Story and photos by Patrick Downes Hawaii Catholic Herald
“We are the Maryknoll connection,” Sister Joan Chatfield told the diverse crowd gathered in the Maryknoll Community Center Oct. 7 to celebrate the 90th anniversary of the Maryknoll Sisters in Hawaii.
The 200-or-so people all knew what the Maryknoll veteran meant. Each had been touched, some profoundly, by the hundreds of Maryknoll Sisters who have filtered through the Islands over the last nine decades since their arrival in 1927, leaving their indelible matchless mark.
“If you are here, you belong here,” Sister Joan said to the congregation which included former and present students, faculty and staff of Maryknoll School, men and women of other religious orders, and others.
She spoke of the sisters — numbering 165 at their peak — who were pioneers of parochial education, social work and pastoral ministry in Hawaii.
And having “done their job,” they have clearly passed the torch to new generations who “keep the Maryknoll promise going,” she said.
Are the sisters retired? “Certainly not in terms of spirit,” she said.
Sister Joan’s remarks were prelude to a Mass celebrated by Msgr. Gary Secor and four other priests.
“We are so grateful for your years of service here in Hawaii,” said Msgr. Secor, in his homily.

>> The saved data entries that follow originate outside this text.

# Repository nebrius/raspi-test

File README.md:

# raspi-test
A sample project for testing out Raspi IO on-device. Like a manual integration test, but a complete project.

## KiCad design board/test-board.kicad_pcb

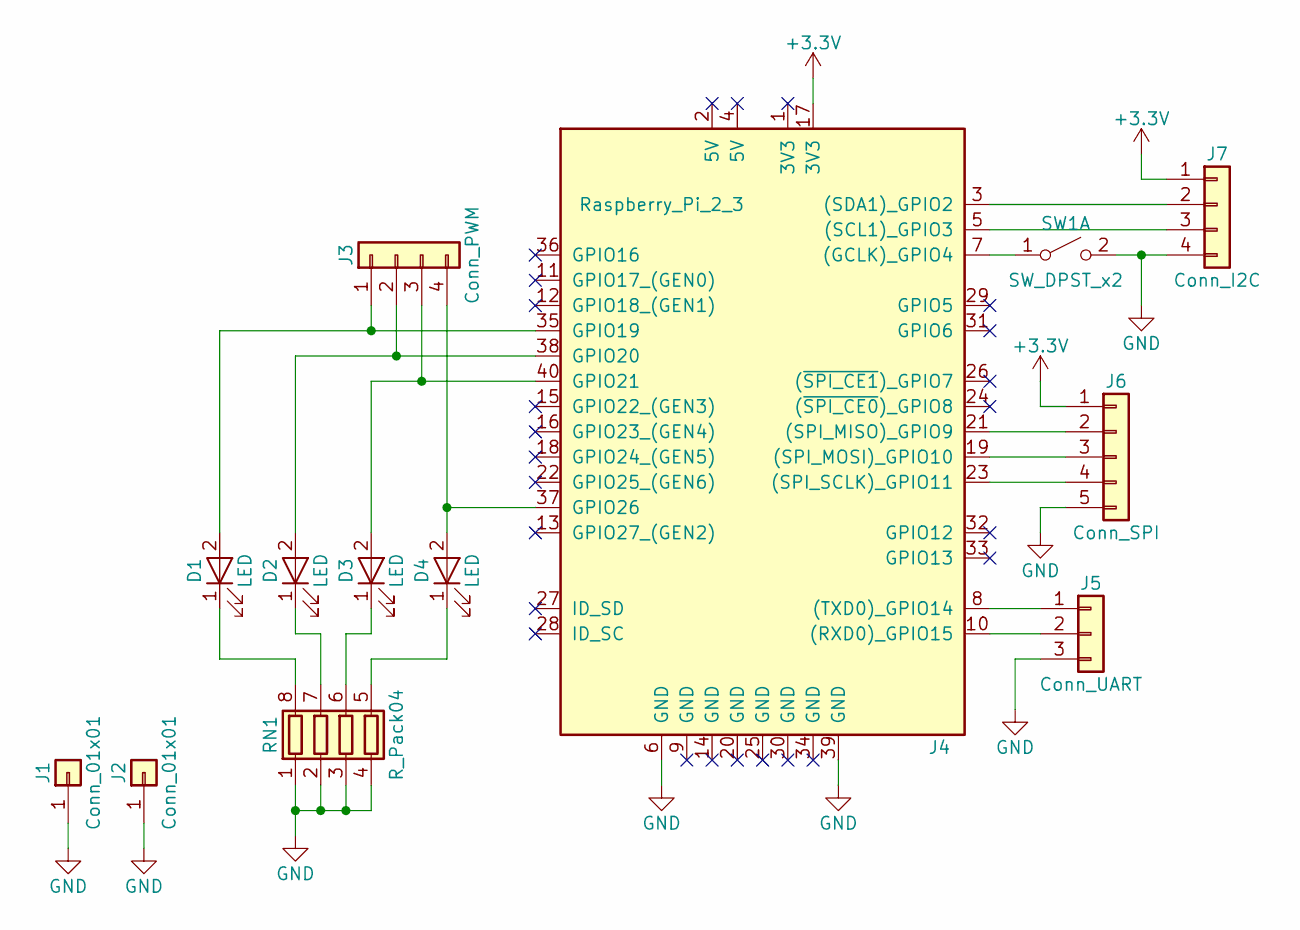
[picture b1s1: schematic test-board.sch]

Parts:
D1, D2, D3, D4: LED; LED_D5.0mm
J1, J2: Conn_01x01; Pin_Header_Straight_1x01_Pitch2.54mm
J3: Conn_PWM; Pin_Header_Straight_1x04_Pitch2.54mm
J4: Raspberry_Pi_2_3; Pin_Header_Straight_2x20_Pitch2.54mm
J5: Conn_UART; Pin_Header_Straight_1x03_Pitch2.54mm
J6: Conn_SPI; Pin_Header_Straight_1x05_Pitch2.54mm
J7: Conn_I2C; Pin_Header_Straight_1x04_Pitch2.54mm
RN1: R_Pack04; R_Array_Concave_4x2012.kicad_mod
SW1: SW_DPST_x2

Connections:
+3V3: J4.17 (3V3), J6.1, J7.1
GND: J1.1, J2.1, J4.6 (GND), J4.39 (GND), J5.3, J6.5, J7.4, RN1.1 (R1.1), RN1.2 (R2.1), RN1.3 (R3.1), RN1.4 (R4.1), SW1.2 (B)
unnamed: D1.1 (K), RN1.8 (R1.2)
unnamed: D1.2 (A), J3.1, J4.35 (GPIO19)
unnamed: D2.1 (K), RN1.7 (R2.2)
unnamed: D2.2 (A), J3.2, J4.38 (GPIO20)
unnamed: D3.1 (K), RN1.6 (R3.2)
unnamed: D3.2 (A), J3.3, J4.40 (GPIO21)
unnamed: D4.1 (K), RN1.5 (R4.2)
unnamed: D4.2 (A), J3.4, J4.37 (GPIO26)
unnamed: J4.3 ((SDA1)_GPIO2), J7.2
unnamed: J4.5 ((SCL1)_GPIO3), J7.3
unnamed: J4.7 ((GCLK)_GPIO4), SW1.1 (A)
unnamed: J4.8 ((TXD0)_GPIO14), J5.1
unnamed: J4.10 ((RXD0)_GPIO15), J5.2
unnamed: J4.19 ((SPI_MOSI)_GPIO10), J6.3
unnamed: J4.21 ((SPI_MISO)_GPIO9), J6.2
unnamed: J4.23 ((SPI_SCLK)_GPIO11), J6.4

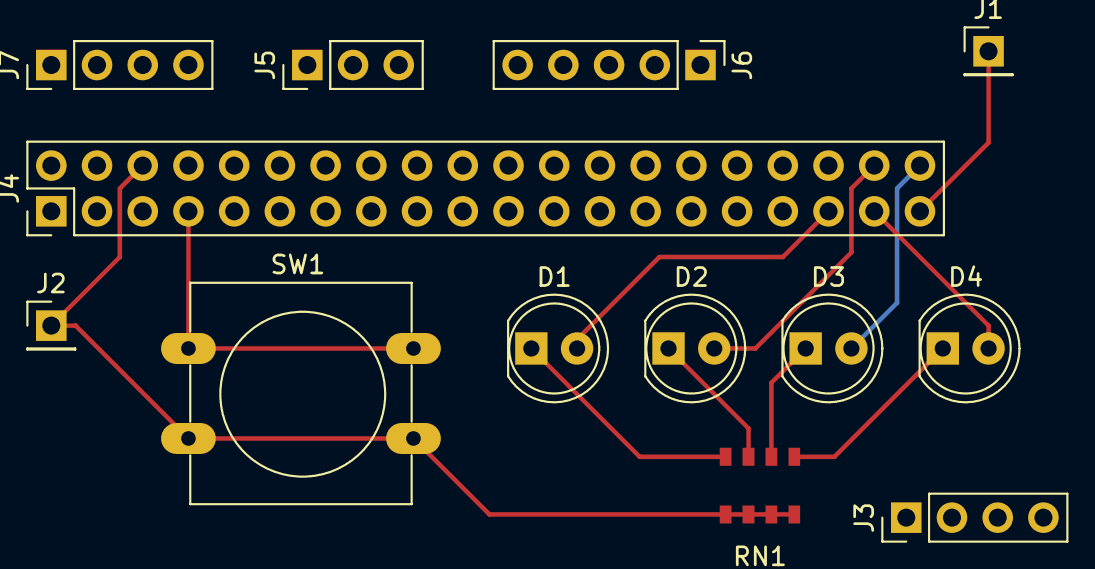
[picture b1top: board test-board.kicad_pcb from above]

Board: 2 copper layers, 13 parts (0 on the bottom side), 18 nets.

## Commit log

2018-09-11 Initial test file
2018-09-11 Implemented first integration test
2018-09-12 Started creating board schematic
2018-09-12 Added PWM tests
2018-09-13 More work on fleshing out test board
2019-02-12 Almost done with tests
2019-02-21 Finished raspi-test for raspi-io 10
2019-04-19 Added testing multiple PWM pins, some with native hardware support, some without

The priest recounted his own personal connections with the Maryknoll Sisters — he is a 1969 Maryknoll High School graduate — which, in typical local fashion, went on and on, affirming Sister Joan’s premise.
“The Maryknoll Sisters are a wonderful example for us of women who make God’s love visible on the margins of society,” Msgr. Secor said. “They challenge all of us to go out to the margins as well.”
“We are reminded, inspired and instructed by your example,” he told the sisters. “All of you and all of us share in that calling to make Christ real in the flesh and blood of our own lives.”
At the celebration were 17 Maryknoll Sisters from China, Philippines, Japanese and Korea who were conducting Asia East World Section meetings Oct. 4-10 in Hawaii.
During the Mass, four sisters celebrating their own special anniversaries of profession renewed their vows. They were Sister Cecilia Santos, 70 years; Sister Elizabeth Kato, 60 years; Sister Ardis Kremer, 60 years; and Sister Lourdes Fernandez, 50 years.
The most popular person in the room, wearing the same habit as the first group of sisters who arrived in 1927, but not looking out of place, was Sister Maria Rosario Daley who has the longest Hawaii tenure, since 1948, and who was one of the last two sisters to leave the Maryknoll School faculty in 2006.
The Maryknoll Community Center is Maryknoll School’s newest building, a multipurpose gym and gathering place on the grade school’s campus where the Maryknoll Sisters’ convent used to stand.
After Mass, a large curtain was pulled back revealing the rest of the center where sisters and guests then enjoyed lunch and each other’s company.